This seems like something many of you have been looking for as there are a
shocking number of "freelance" posts (from both clients and programmers) on HN
each month -- HN ids: 4596379, 4463692, 4323612, 4214767, 4184757, 4053078,
3914001 3783658, 2539892, etc.

We admit, at this stage Hackerlist is an experiment. We're only asking for
your time and patience -- we'll help you land contracts with top companies,
handle the logistics, and you'll keep 100% of your earnings. No catch. We'll
handle the vetting process, source contracts, and continuously work one-on-one
with you to improve our tech until it serves your needs.
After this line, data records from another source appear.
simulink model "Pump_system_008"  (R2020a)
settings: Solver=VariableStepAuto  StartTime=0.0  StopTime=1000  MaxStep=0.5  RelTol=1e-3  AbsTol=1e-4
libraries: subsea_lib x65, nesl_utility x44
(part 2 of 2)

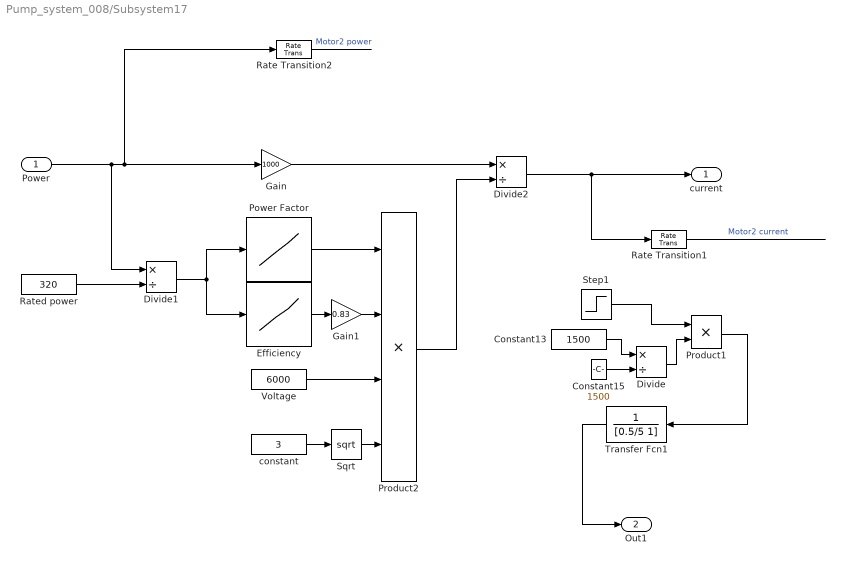
== system Pump_system_008/Subsystem17 ==
  Power : Inport
  Constant13 : Constant  Value=1500
  Constant15 : Constant  Value=1500
  Divide : Product  Inputs=*/
  Divide1 : Product  Inputs=*/
  Divide2 : Product  Inputs=*/
  Efficiency : Lookup_n-D  NumberOfTableDimensions=1  BreakpointsForDimension1=[0 0.05 0.25 0.5 0.75 1]  BreakpointsForDimension2=[1:3]  Table=[0 0.3 0.85 0.92 0.93 0.94]  InternalRulePriority=Speed  RndMeth=Simplest  InputSameDT=on
  Gain : Gain  Gain=1000
  Gain1 : Gain  Gain=0.83
  Power Factor : Lookup_n-D  NumberOfTableDimensions=1  BreakpointsForDimension1=[0 0.05 0.25 0.5 0.75 1]  BreakpointsForDimension2=[1:3]  Table=[0 0.3 0.7 0.83 0.85 0.87]  InternalRulePriority=Speed  RndMeth=Simplest  InputSameDT=on
  Product1 : Product
  Product2 : Product  Inputs=4
  Rate Transition1 : RateTransition  OutPortSampleTime=1
  Rate Transition2 : RateTransition  OutPortSampleTime=1
  Rated power : Constant  Value=320
  Sqrt : Sqrt  SaturateOnIntegerOverflow=on
  Step1 : Step  Time=0.1  SampleTime=0
  Transfer Fcn1 : TransferFcn  Denominator=[0.5/5 1]
  Voltage : Constant  Value=6000
  constant : Constant  Value=3
  current : Outport
  Out1 : Outport  Port=2
  wires:
  Gain/1 -> Divide2/1
  Product2/1 -> Divide2/2
  Power Factor/1 -> Product2/1
  Efficiency/1 -> Gain1/1
  Sqrt/1 -> Product2/4
  constant/1 -> Sqrt/1
  Voltage/1 -> Product2/3
  Divide1/1 -> Power Factor/1, Efficiency/1
  Rated power/1 -> Divide1/2
  Power/1 -> Rate Transition2/1, Gain/1, Divide1/1
  Step1/1 -> Product1/1
  Transfer Fcn1/1 -> Out1/1
  Constant15/1 -> Divide/2
  Divide/1 -> Product1/2
  Product1/1 -> Transfer Fcn1/1
  Constant13/1 -> Divide/1
  Rate Transition2/1 -> ?  "Motor2 power"
  Rate Transition1/1 -> ?  "Motor2 current"
  Divide2/1 -> Rate Transition1/1, current/1
  Gain1/1 -> Product2/2

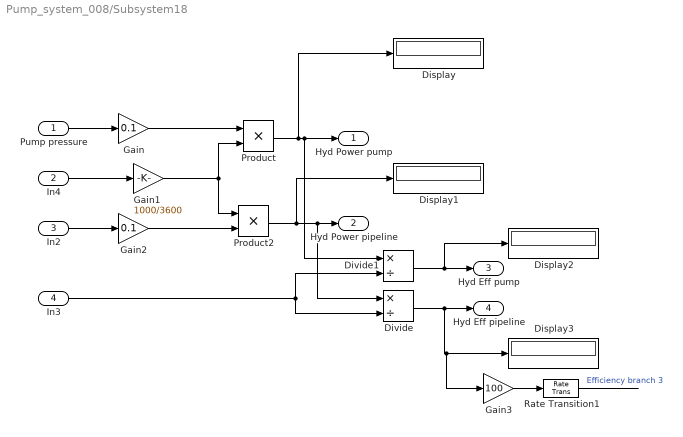
== system Pump_system_008/Subsystem18 ==
  Pump pressure : Inport
  In4 : Inport  Port=2
  In2 : Inport  Port=3
  In3 : Inport  Port=4
  Display{,1..3} (4 alike) : Display
      settings: Decimation=2
  Divide : Product  Inputs=*/
  Divide1 : Product  Inputs=*/
  Gain : Gain  Gain=0.1
  Gain1 : Gain  Gain=1000/3600
  Gain2 : Gain  Gain=0.1
  Gain3 : Gain  Gain=100
  Product : Product
  Product2 : Product
  Rate Transition1 : RateTransition  OutPortSampleTime=1
  Hyd Power pump : Outport
  Hyd Power pipeline : Outport  Port=2
  Hyd Eff pump : Outport  Port=3
  Hyd Eff pipeline : Outport  Port=4
  wires:
  Divide/1 -> Hyd Eff pipeline/1, Gain3/1, Display3/1
  Divide1/1 -> Hyd Eff pump/1, Display2/1
  Product2/1 -> Display1/1, Hyd Power pipeline/1, Divide/1
  Gain2/1 -> Product2/2
  Gain1/1 -> Product2/1, Product/2
  Gain/1 -> Product/1
  Pump pressure/1 -> Gain/1
  In3/1 -> Divide/2, Divide1/2
  In4/1 -> Gain1/1
  Product/1 -> Hyd Power pump/1, Divide1/1, Display/1
  In2/1 -> Gain2/1
  Gain3/1 -> Rate Transition1/1
  Rate Transition1/1 -> ?  "Efficiency branch 3"

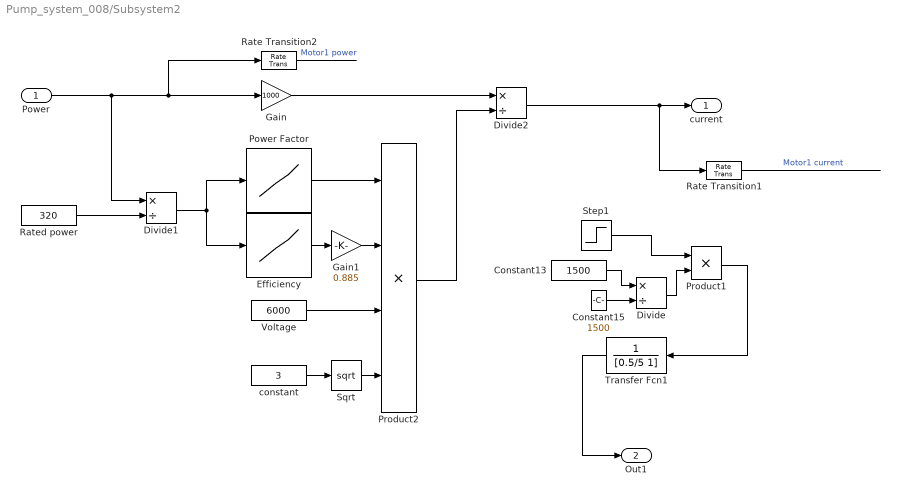
== system Pump_system_008/Subsystem2 ==
  Power : Inport
  Constant13 : Constant  Value=1500
  Constant15 : Constant  Value=1500
  Divide : Product  Inputs=*/
  Divide1 : Product  Inputs=*/
  Divide2 : Product  Inputs=*/
  Efficiency : Lookup_n-D  NumberOfTableDimensions=1  BreakpointsForDimension1=[0 0.05 0.25 0.5 0.75 1]  BreakpointsForDimension2=[1:3]  Table=[0 0.3 0.85 0.92 0.93 0.94]  InternalRulePriority=Speed  RndMeth=Simplest  InputSameDT=on
  Gain : Gain  Gain=1000
  Gain1 : Gain  Gain=0.885
  Power Factor : Lookup_n-D  NumberOfTableDimensions=1  BreakpointsForDimension1=[0 0.05 0.25 0.5 0.75 1]  BreakpointsForDimension2=[1:3]  Table=[0 0.3 0.7 0.85 0.88 0.92]  InternalRulePriority=Speed  RndMeth=Simplest  InputSameDT=on
  Product1 : Product
  Product2 : Product  Inputs=4
  Rate Transition1 : RateTransition  OutPortSampleTime=1
  Rate Transition2 : RateTransition  OutPortSampleTime=1
  Rated power : Constant  Value=320
  Sqrt : Sqrt  SaturateOnIntegerOverflow=on
  Step1 : Step  Time=0.1  SampleTime=0
  Transfer Fcn1 : TransferFcn  Denominator=[0.5/5 1]
  Voltage : Constant  Value=6000
  constant : Constant  Value=3
  current : Outport
  Out1 : Outport  Port=2
  wires:
  Constant13/1 -> Divide/1
  Product1/1 -> Transfer Fcn1/1
  Divide/1 -> Product1/2
  Constant15/1 -> Divide/2
  Transfer Fcn1/1 -> Out1/1
  Step1/1 -> Product1/1
  Power/1 -> Divide1/1, Rate Transition2/1, Gain/1
  Rated power/1 -> Divide1/2
  Divide1/1 -> Efficiency/1, Power Factor/1
  Voltage/1 -> Product2/3
  constant/1 -> Sqrt/1
  Sqrt/1 -> Product2/4
  Efficiency/1 -> Gain1/1
  Power Factor/1 -> Product2/1
  Product2/1 -> Divide2/2
  Gain/1 -> Divide2/1
  Divide2/1 -> Rate Transition1/1, current/1
  Rate Transition1/1 -> ?  "Motor1 current"
  Rate Transition2/1 -> ?  "Motor1 power"
  Gain1/1 -> Product2/2

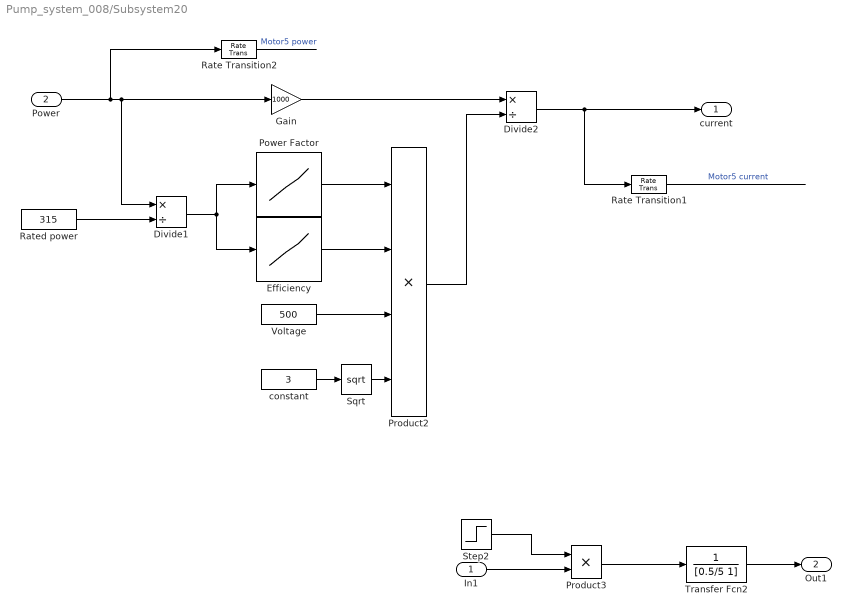
== system Pump_system_008/Subsystem20 ==
  In1 : Inport
  Power : Inport  Port=2
  Divide1 : Product  Inputs=*/
  Divide2 : Product  Inputs=*/
  Efficiency : Lookup_n-D  NumberOfTableDimensions=1  BreakpointsForDimension1=[0 0.05 0.25 0.5 0.75 1]  BreakpointsForDimension2=[1:3]  Table=[0 0.3 0.85 0.956 0.96 0.959]  InternalRulePriority=Speed  RndMeth=Simplest  InputSameDT=on
  Gain : Gain  Gain=1000
  Power Factor : Lookup_n-D  NumberOfTableDimensions=1  BreakpointsForDimension1=[0 0.05 0.25 0.5 0.75 1]  BreakpointsForDimension2=[1:3]  Table=[0 0.85 0.97 0.975 0.978 0.98]  InternalRulePriority=Speed  RndMeth=Simplest  InputSameDT=on
  Product2 : Product  Inputs=4
  Product3 : Product
  Rate Transition1 : RateTransition  OutPortSampleTime=1
  Rate Transition2 : RateTransition  OutPortSampleTime=1
  Rated power : Constant  Value=315
  Sqrt : Sqrt  SaturateOnIntegerOverflow=on
  Step2 : Step  Time=0.1  SampleTime=0
  Transfer Fcn2 : TransferFcn  Denominator=[0.5/5 1]
  Voltage : Constant  Value=500
  constant : Constant  Value=3
  current : Outport
  Out1 : Outport  Port=2
  wires:
  Transfer Fcn2/1 -> Out1/1
  In1/1 -> Product3/2
  Step2/1 -> Product3/1
  Product3/1 -> Transfer Fcn2/1
  Gain/1 -> Divide2/1
  Product2/1 -> Divide2/2
  Power Factor/1 -> Product2/1
  Efficiency/1 -> Product2/2
  Sqrt/1 -> Product2/4
  constant/1 -> Sqrt/1
  Voltage/1 -> Product2/3
  Divide1/1 -> Power Factor/1, Efficiency/1
  Rated power/1 -> Divide1/2
  Rate Transition2/1 -> ?  "Motor5 power"
  Power/1 -> Rate Transition2/1, Gain/1, Divide1/1
  Rate Transition1/1 -> ?  "Motor5 current"
  Divide2/1 -> Rate Transition1/1, current/1

== system Pump_system_008/Subsystem21 ==
  Pump p : Inport
  RPM : Inport  Port=2
  Pump : Subsystem
  Subsea Hydraulic Flow Source : subsea_lib/Sources/Subsea Hydraulic Flow Source
      settings: SourceProductName=Subsea  InternalSimscapePortConfiguration="{\"Bottom\":[],\"Left\":[{\"id\":\"P\",\"label\":\"P\",\"type\":\"subsea.ss_hydraulic\"}],\"Right\":[{\"id\":\"S\",\"label\":\"S\",\"type\":\"input\"},{\"id\":\"T\",\"label\":\"T\",\"type\":\"subsea.ss_hydraulic\"}],\"Top\":[]}"
  Subsea Hydraulic Flow Source2 : PMIOPort  Side=Left
  Subsea Hydraulic Flow Source1 : PMIOPort  Port=2  Side=Right
  Power : Outport
  wires:
  Pump p/1 -> Pump/2(Pump p)
  RPM/1 -> Pump/1(RPM)
  Pump/1(Power) -> Power/1
  connections:
  Subsea Hydraulic Flow Source/RConn1 -- Pump/RConn1
  Subsea Hydraulic Flow Source/RConn2 -- Subsea Hydraulic Flow Source2/RConn1
  Subsea Hydraulic Flow Source/LConn1 -- Subsea Hydraulic Flow Source1/RConn1

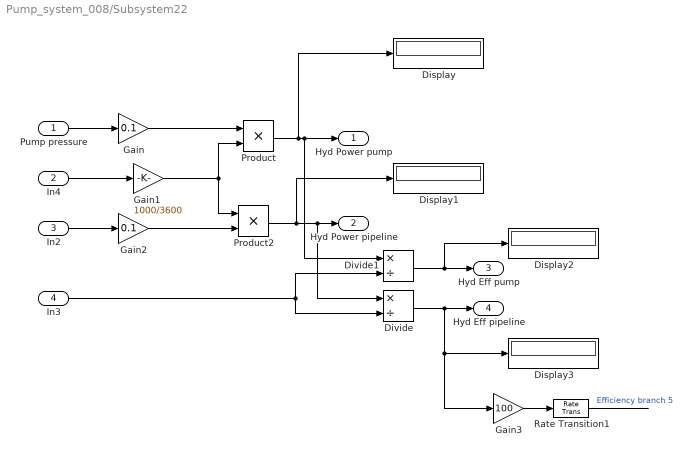
== system Pump_system_008/Subsystem22 ==
  Pump pressure : Inport
  In4 : Inport  Port=2
  In2 : Inport  Port=3
  In3 : Inport  Port=4
  Display{,1..3} (4 alike) : Display
      settings: Decimation=2
  Divide : Product  Inputs=*/
  Divide1 : Product  Inputs=*/
  Gain : Gain  Gain=0.1
  Gain1 : Gain  Gain=1000/3600
  Gain2 : Gain  Gain=0.1
  Gain3 : Gain  Gain=100
  Product : Product
  Product2 : Product
  Rate Transition1 : RateTransition  OutPortSampleTime=1
  Hyd Power pump : Outport
  Hyd Power pipeline : Outport  Port=2
  Hyd Eff pump : Outport  Port=3
  Hyd Eff pipeline : Outport  Port=4
  wires:
  Divide1/1 -> Hyd Eff pump/1, Display2/1
  Product2/1 -> Display1/1, Hyd Power pipeline/1, Divide/1
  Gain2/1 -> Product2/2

Unfortunately, to
preserve high quality, we're unable to accept more than 32 candidates and 6 of
these spots are already filled.

If you'd like to be considered for Hackerlist, email me at
michael.karpeles@gmail.com or submit your github username on
<http://hackerlist.net>

Our long-term vision is to create a realtime system (think the intersection of
mechanical turk, stackoverflow, oDesk) where trusted freelance engineers can
immediately clone a git repo, start hacking on a technical problem, and upon
completion, get paid what they're worth.

P.S. Suggestions and feedback are appreciated -- we don't want to build
something you don't need.

------
WebDevigner
Just curious, does anyone use sites like odesk / elance etc to find well
paying contracts? They seem to be mostly full of asian contracting teams
bidding bottom dollar on most projects.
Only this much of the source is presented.